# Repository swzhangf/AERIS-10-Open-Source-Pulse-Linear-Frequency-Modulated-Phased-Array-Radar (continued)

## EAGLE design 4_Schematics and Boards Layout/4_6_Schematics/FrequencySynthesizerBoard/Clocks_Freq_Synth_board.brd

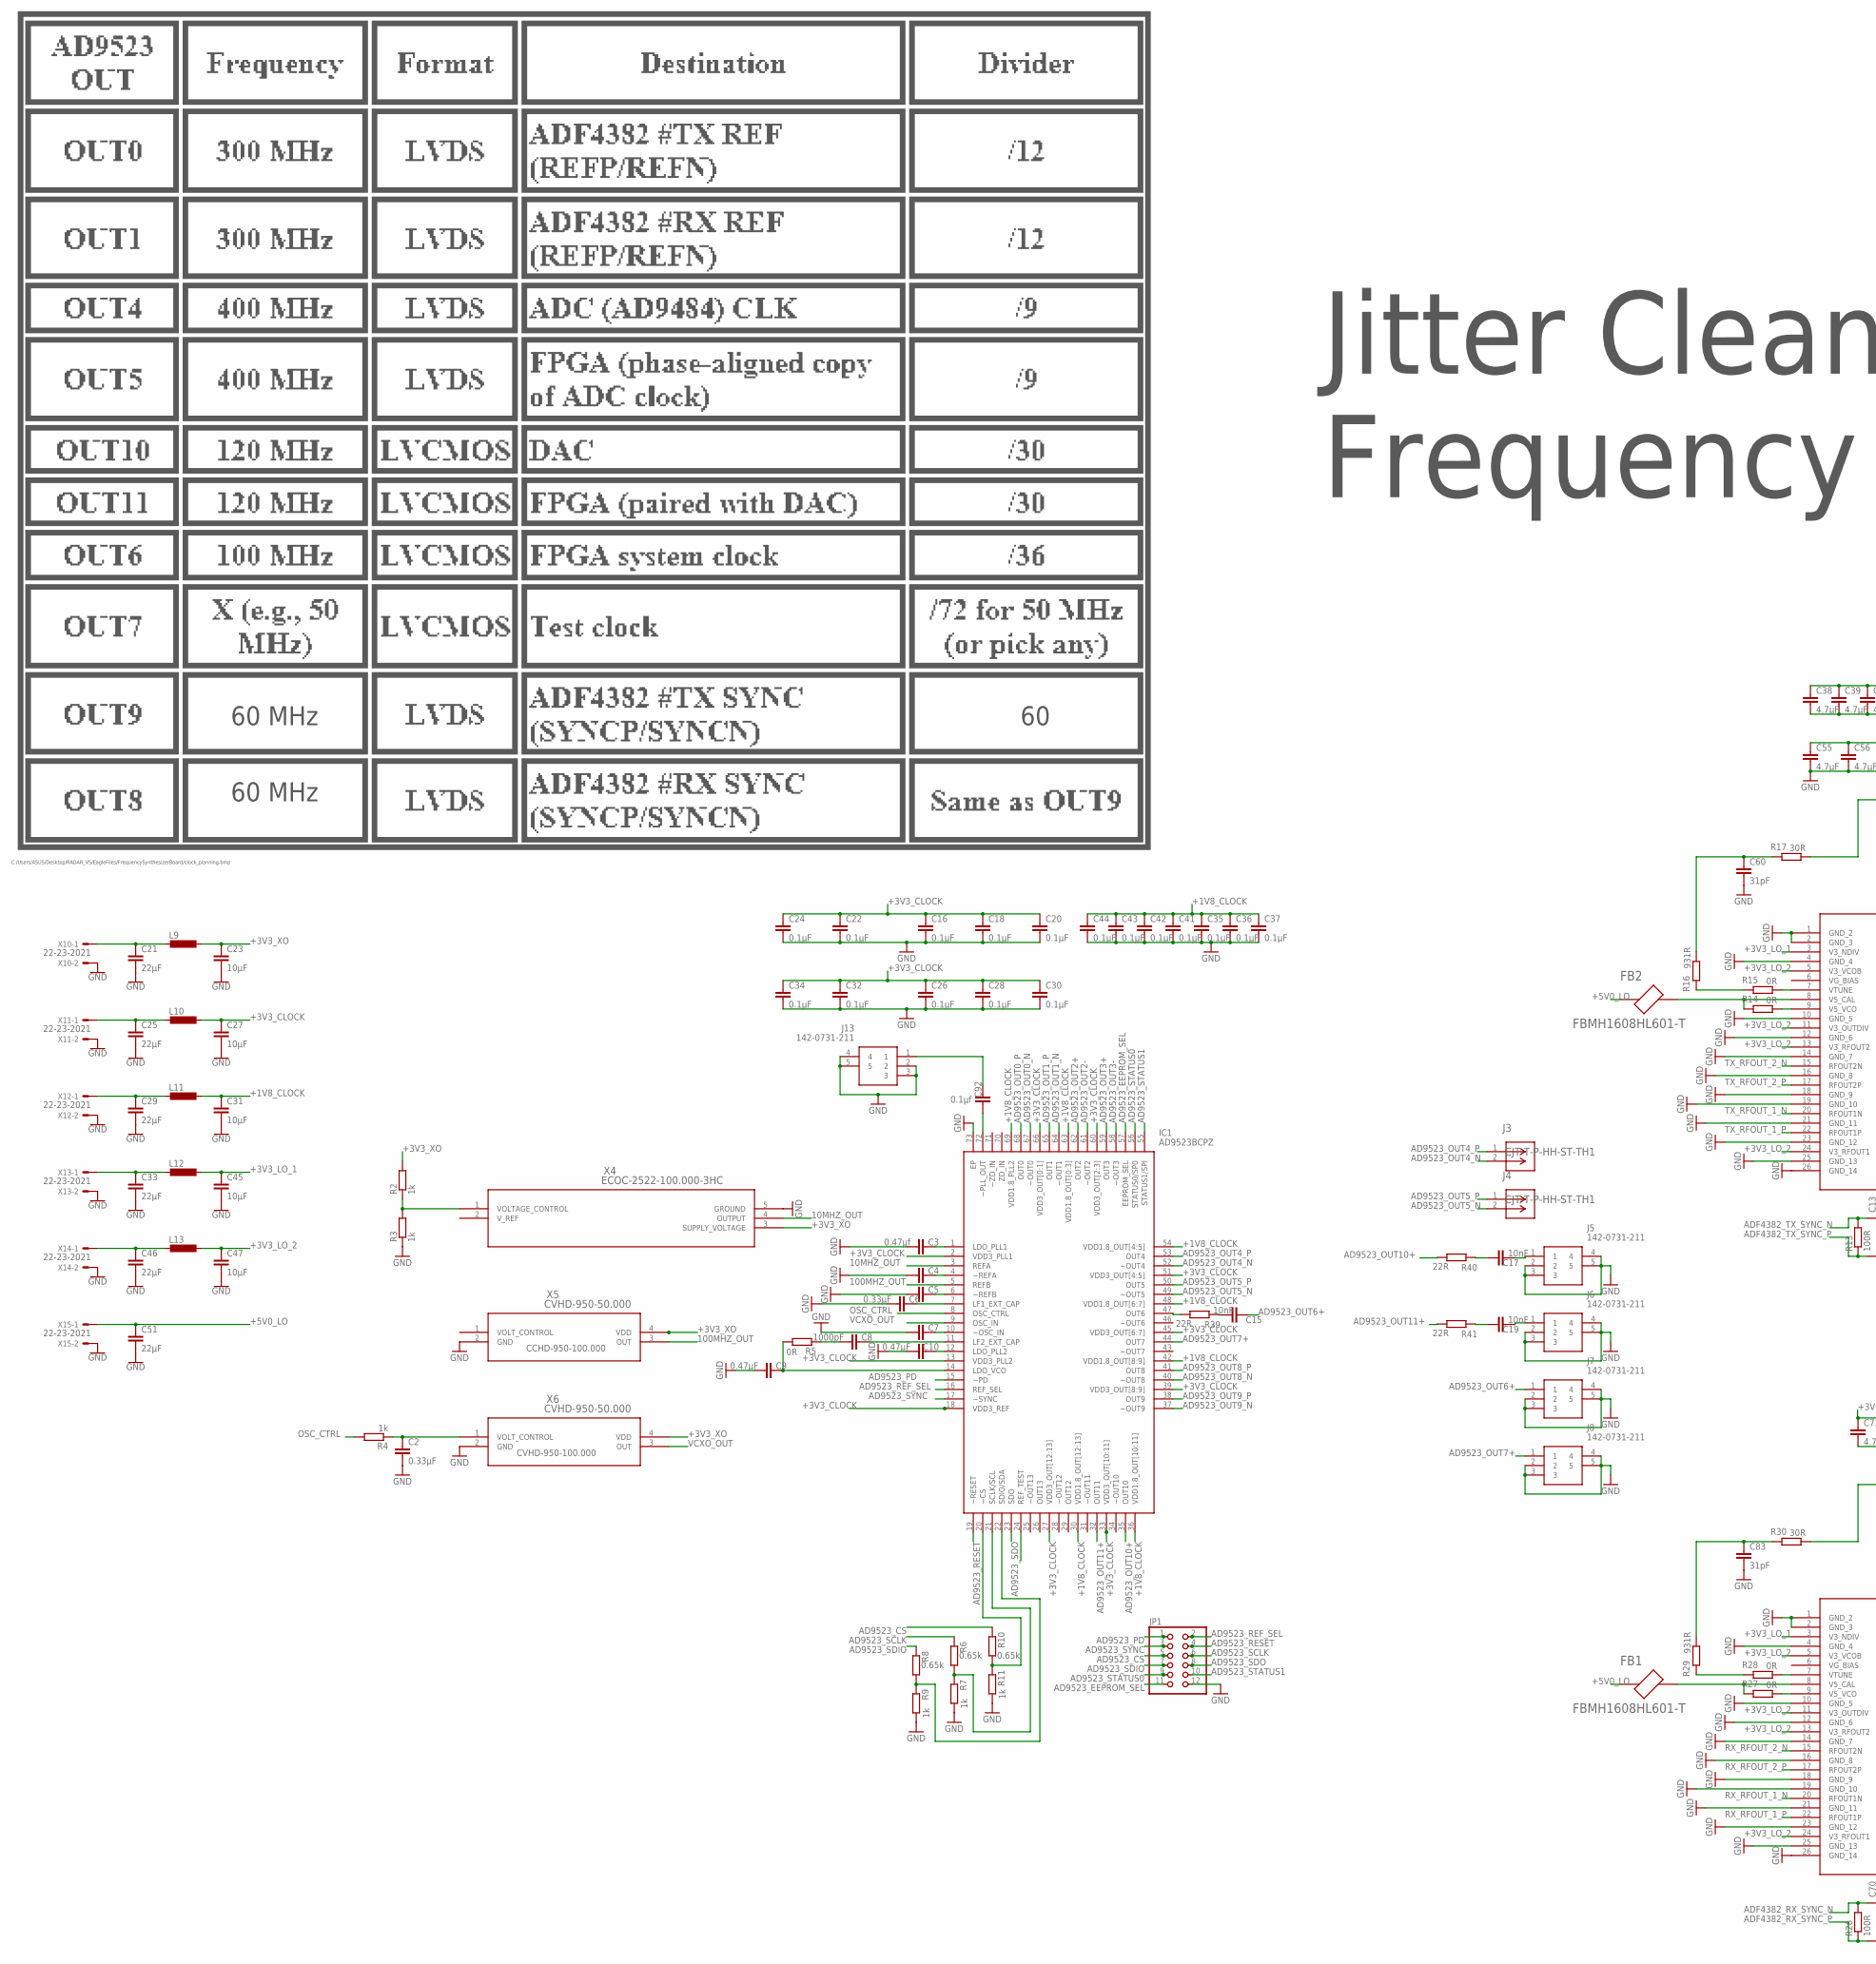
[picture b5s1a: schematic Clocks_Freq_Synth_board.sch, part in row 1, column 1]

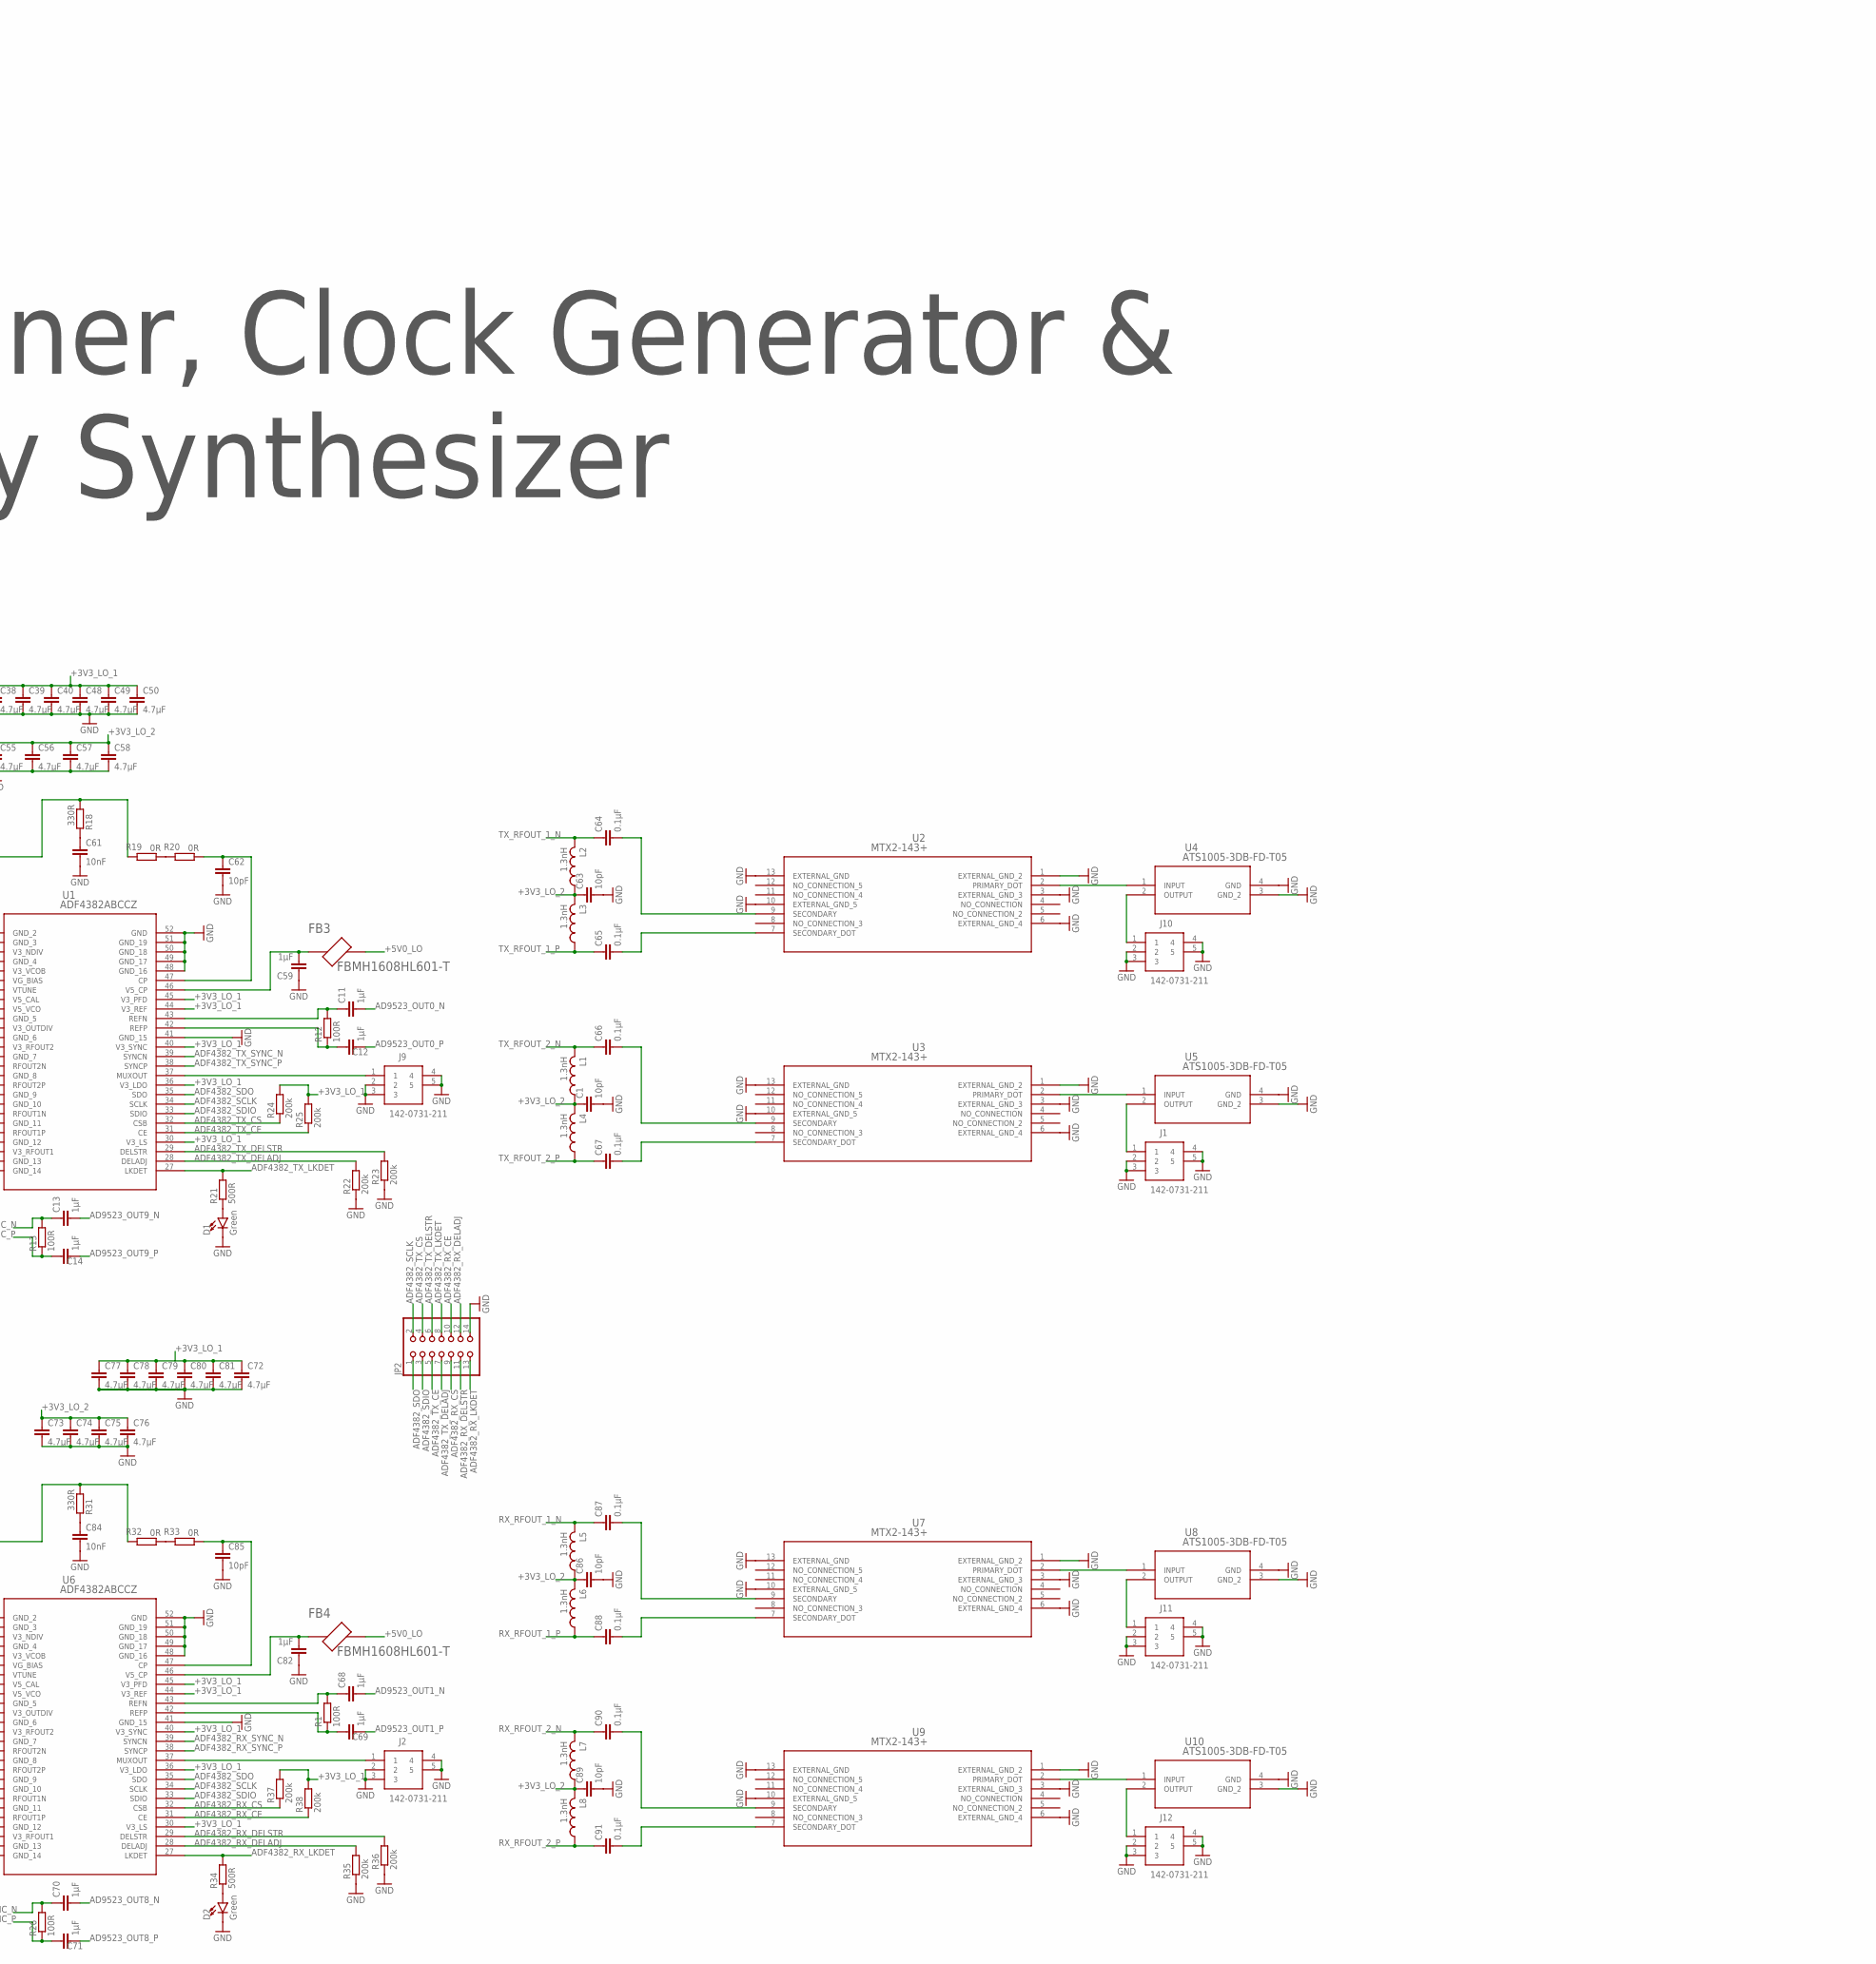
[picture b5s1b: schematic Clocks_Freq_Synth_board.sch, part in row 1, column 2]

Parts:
C1, C62, C63, C85, C86, C89: 10pF; C0201
C2, C6: 0.33µF; C0201
C3: 0.47µf; C0201
C4, C5, C7: C-EUC0201; C0201
C8: 1000pF; C0201
C9, C10: 0.47µF; C0201
C11, C12, C13, C14, C59, C68, C69, C70, C71, C82: 1µF; C0201
C15, C17, C19: 10nF; C0402
C16, C18, C20, C22, C24, C26, C28, C30, C32, C34, C35, C36, C37, C41, C42, C43, C44, C64, C65, C66, C67, C87, C88, C90, C91: 0.1µF; C0201
C21, C25, C29, C33, C46, C51: 22µF; C1210
C23, C27, C31, C45, C47: 10µF; C1210
C38, C39, C40, C48, C49, C50, C55, C56, C57, C58, C72, C73, C74, C75, C76, C77, C78, C79, C80, C81: 4.7µF; C0201
C60, C83: 31pF; C0201
C61, C84: 10nF; C0201
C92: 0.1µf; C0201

WORK TO BE COMPLETED:
Write out the data above exactly, minus any images.

RESULT:
# Repository swzhangf/AERIS-10-Open-Source-Pulse-Linear-Frequency-Modulated-Phased-Array-Radar (continued)

## EAGLE design 4_Schematics and Boards Layout/4_6_Schematics/FrequencySynthesizerBoard/Clocks_Freq_Synth_board.brd

[picture b5s1a: schematic Clocks_Freq_Synth_board.sch, part in row 1, column 1]

[picture b5s1b: schematic Clocks_Freq_Synth_board.sch, part in row 1, column 2]

Parts:
C1, C62, C63, C85, C86, C89: 10pF; C0201
C2, C6: 0.33µF; C0201
C3: 0.47µf; C0201
C4, C5, C7: C-EUC0201; C0201
C8: 1000pF; C0201
C9, C10: 0.47µF; C0201
C11, C12, C13, C14, C59, C68, C69, C70, C71, C82: 1µF; C0201
C15, C17, C19: 10nF; C0402
C16, C18, C20, C22, C24, C26, C28, C30, C32, C34, C35, C36, C37, C41, C42, C43, C44, C64, C65, C66, C67, C87, C88, C90, C91: 0.1µF; C0201
C21, C25, C29, C33, C46, C51: 22µF; C1210
C23, C27, C31, C45, C47: 10µF; C1210
C38, C39, C40, C48, C49, C50, C55, C56, C57, C58, C72, C73, C74, C75, C76, C77, C78, C79, C80, C81: 4.7µF; C0201
C60, C83: 31pF; C0201
C61, C84: 10nF; C0201
C92: 0.1µf; C0201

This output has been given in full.